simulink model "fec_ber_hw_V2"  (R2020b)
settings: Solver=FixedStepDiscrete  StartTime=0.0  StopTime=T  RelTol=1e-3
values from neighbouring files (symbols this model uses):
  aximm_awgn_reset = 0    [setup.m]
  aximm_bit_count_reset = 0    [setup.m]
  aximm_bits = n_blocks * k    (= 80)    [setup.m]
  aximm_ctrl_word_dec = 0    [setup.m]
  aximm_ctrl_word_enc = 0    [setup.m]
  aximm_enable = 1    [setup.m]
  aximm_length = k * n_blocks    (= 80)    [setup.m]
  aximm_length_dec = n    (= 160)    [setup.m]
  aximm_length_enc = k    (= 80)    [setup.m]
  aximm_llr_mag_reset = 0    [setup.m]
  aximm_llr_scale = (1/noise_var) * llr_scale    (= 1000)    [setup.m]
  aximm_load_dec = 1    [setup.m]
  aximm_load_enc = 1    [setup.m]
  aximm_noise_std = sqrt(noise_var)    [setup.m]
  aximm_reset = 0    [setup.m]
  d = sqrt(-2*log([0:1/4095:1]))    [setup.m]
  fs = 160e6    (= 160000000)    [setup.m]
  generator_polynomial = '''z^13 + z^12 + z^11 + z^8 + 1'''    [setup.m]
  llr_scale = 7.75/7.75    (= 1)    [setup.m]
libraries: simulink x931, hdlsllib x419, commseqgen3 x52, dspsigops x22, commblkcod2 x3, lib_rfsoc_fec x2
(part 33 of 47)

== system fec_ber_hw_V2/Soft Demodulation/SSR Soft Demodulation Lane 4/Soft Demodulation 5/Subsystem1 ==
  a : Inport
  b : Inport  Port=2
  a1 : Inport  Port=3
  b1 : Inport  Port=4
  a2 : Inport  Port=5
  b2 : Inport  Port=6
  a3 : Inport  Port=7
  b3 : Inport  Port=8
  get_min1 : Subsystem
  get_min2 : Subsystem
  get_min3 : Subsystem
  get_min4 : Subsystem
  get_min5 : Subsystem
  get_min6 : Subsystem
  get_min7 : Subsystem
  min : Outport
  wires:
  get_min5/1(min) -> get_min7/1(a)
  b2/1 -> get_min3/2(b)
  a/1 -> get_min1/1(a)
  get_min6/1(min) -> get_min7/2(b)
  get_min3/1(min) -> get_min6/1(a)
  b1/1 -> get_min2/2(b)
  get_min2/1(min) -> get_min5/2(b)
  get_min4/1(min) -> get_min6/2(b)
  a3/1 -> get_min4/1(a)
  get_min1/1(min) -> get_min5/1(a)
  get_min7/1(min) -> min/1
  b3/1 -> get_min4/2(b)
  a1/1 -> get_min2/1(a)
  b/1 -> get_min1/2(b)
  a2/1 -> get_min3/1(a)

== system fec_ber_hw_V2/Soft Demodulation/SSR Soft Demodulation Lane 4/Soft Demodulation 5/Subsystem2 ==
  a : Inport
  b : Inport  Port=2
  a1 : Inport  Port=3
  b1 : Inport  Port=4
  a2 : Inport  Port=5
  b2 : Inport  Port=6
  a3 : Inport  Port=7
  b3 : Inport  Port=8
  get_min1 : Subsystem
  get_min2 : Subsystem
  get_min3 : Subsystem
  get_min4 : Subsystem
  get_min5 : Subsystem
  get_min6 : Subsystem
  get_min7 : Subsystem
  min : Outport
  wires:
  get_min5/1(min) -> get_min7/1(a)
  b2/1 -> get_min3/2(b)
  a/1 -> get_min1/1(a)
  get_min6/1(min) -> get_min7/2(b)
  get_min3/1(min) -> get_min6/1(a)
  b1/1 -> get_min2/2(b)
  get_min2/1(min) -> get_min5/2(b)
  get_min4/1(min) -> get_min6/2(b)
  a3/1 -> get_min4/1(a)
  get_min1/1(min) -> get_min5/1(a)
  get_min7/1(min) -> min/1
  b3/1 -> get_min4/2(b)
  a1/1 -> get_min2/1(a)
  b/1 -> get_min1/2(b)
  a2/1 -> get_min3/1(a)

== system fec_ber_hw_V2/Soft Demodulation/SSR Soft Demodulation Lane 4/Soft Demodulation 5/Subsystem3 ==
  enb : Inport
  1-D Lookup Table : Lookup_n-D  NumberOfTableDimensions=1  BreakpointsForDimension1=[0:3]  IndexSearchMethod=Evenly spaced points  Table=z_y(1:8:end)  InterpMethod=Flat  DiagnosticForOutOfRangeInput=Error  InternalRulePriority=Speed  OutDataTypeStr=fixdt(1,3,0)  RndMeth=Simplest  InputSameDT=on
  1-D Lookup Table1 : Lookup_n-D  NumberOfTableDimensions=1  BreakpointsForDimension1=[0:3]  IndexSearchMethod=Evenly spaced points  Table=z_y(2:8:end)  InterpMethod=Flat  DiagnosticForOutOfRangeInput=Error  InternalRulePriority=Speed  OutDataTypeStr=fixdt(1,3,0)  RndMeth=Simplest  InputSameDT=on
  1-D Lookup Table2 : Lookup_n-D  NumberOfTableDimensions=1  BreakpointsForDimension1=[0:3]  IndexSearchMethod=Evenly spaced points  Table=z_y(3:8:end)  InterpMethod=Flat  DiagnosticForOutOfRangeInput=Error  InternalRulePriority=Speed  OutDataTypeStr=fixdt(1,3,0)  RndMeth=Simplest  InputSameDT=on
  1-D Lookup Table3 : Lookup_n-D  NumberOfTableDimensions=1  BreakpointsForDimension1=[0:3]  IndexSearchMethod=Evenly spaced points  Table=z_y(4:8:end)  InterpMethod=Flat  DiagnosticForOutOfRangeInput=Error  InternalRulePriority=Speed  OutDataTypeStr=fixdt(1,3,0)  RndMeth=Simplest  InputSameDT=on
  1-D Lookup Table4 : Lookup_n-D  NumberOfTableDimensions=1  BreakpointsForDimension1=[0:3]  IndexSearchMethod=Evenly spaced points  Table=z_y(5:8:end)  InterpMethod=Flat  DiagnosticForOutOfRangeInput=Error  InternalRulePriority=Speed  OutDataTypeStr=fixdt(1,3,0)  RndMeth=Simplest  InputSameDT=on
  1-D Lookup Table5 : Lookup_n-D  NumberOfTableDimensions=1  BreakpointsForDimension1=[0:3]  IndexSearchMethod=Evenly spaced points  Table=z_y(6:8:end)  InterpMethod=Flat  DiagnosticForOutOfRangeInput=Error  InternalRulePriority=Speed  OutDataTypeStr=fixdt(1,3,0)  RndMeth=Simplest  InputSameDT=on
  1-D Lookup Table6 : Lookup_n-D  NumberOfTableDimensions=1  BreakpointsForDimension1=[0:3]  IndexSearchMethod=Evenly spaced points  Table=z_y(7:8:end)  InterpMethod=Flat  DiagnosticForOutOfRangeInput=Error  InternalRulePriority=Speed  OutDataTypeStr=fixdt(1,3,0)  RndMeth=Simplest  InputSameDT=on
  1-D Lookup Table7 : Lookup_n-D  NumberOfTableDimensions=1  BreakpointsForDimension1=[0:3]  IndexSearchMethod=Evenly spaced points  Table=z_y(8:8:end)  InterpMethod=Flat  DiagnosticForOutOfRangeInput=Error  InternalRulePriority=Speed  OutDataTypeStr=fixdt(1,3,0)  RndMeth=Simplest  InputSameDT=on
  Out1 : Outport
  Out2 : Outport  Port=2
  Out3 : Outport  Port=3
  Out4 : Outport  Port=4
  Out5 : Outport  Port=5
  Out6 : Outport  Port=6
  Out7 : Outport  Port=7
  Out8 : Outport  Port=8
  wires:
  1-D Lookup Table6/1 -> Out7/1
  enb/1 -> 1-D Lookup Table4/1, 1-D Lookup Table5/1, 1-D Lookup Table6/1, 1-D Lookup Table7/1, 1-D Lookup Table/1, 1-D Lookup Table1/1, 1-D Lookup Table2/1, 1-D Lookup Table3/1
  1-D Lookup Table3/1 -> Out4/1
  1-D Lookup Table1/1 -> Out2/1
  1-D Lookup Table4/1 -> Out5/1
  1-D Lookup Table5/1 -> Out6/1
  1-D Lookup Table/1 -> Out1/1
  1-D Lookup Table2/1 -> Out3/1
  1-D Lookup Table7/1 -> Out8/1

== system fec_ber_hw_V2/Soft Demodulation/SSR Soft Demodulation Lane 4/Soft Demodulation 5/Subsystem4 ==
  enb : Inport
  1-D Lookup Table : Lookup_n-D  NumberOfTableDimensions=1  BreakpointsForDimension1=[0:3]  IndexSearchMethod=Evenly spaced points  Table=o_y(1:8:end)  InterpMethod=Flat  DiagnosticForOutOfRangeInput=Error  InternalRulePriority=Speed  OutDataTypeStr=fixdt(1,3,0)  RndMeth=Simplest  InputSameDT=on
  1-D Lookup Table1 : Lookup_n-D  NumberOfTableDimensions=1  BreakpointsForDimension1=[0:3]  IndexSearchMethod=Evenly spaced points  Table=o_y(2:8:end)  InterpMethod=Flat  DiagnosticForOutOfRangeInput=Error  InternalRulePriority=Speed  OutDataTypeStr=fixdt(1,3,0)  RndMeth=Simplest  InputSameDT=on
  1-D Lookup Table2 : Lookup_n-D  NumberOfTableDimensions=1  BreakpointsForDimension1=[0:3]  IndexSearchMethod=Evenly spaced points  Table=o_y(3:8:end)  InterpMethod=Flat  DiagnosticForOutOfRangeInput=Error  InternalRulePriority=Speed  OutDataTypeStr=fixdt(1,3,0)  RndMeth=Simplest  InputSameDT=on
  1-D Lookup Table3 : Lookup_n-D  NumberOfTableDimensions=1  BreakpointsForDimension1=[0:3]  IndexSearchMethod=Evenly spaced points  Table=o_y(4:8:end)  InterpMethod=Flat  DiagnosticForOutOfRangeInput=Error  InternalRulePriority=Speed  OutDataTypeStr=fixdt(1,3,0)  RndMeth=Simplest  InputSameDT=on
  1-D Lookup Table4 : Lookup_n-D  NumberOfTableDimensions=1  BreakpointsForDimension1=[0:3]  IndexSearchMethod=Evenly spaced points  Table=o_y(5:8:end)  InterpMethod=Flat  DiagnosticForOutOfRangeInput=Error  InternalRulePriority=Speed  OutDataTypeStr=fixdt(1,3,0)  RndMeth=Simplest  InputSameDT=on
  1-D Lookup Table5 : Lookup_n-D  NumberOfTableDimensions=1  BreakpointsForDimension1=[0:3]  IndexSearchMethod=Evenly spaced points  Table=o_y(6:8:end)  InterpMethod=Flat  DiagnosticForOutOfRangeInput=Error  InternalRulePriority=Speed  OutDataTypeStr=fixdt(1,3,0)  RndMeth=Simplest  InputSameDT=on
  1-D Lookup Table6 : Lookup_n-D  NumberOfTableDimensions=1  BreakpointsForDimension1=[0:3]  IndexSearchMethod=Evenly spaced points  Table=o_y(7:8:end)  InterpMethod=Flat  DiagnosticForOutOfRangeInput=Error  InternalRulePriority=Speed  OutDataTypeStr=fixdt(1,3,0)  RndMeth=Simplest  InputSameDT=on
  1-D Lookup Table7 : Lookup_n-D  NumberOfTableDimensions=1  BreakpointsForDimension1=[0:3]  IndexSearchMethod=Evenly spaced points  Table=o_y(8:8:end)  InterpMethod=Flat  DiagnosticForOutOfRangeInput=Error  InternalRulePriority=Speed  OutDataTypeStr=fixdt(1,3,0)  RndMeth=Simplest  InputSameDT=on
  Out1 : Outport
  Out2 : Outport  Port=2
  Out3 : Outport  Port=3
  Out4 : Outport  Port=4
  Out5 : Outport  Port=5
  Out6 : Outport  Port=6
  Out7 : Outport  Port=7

• [Instructions for the task] Where does the string "model" appear in the records above? Show every line that holds it.

• [Solution to this task]
simulink model "fec_ber_hw_V2"  (R2020b)
values from neighbouring files (symbols this model uses):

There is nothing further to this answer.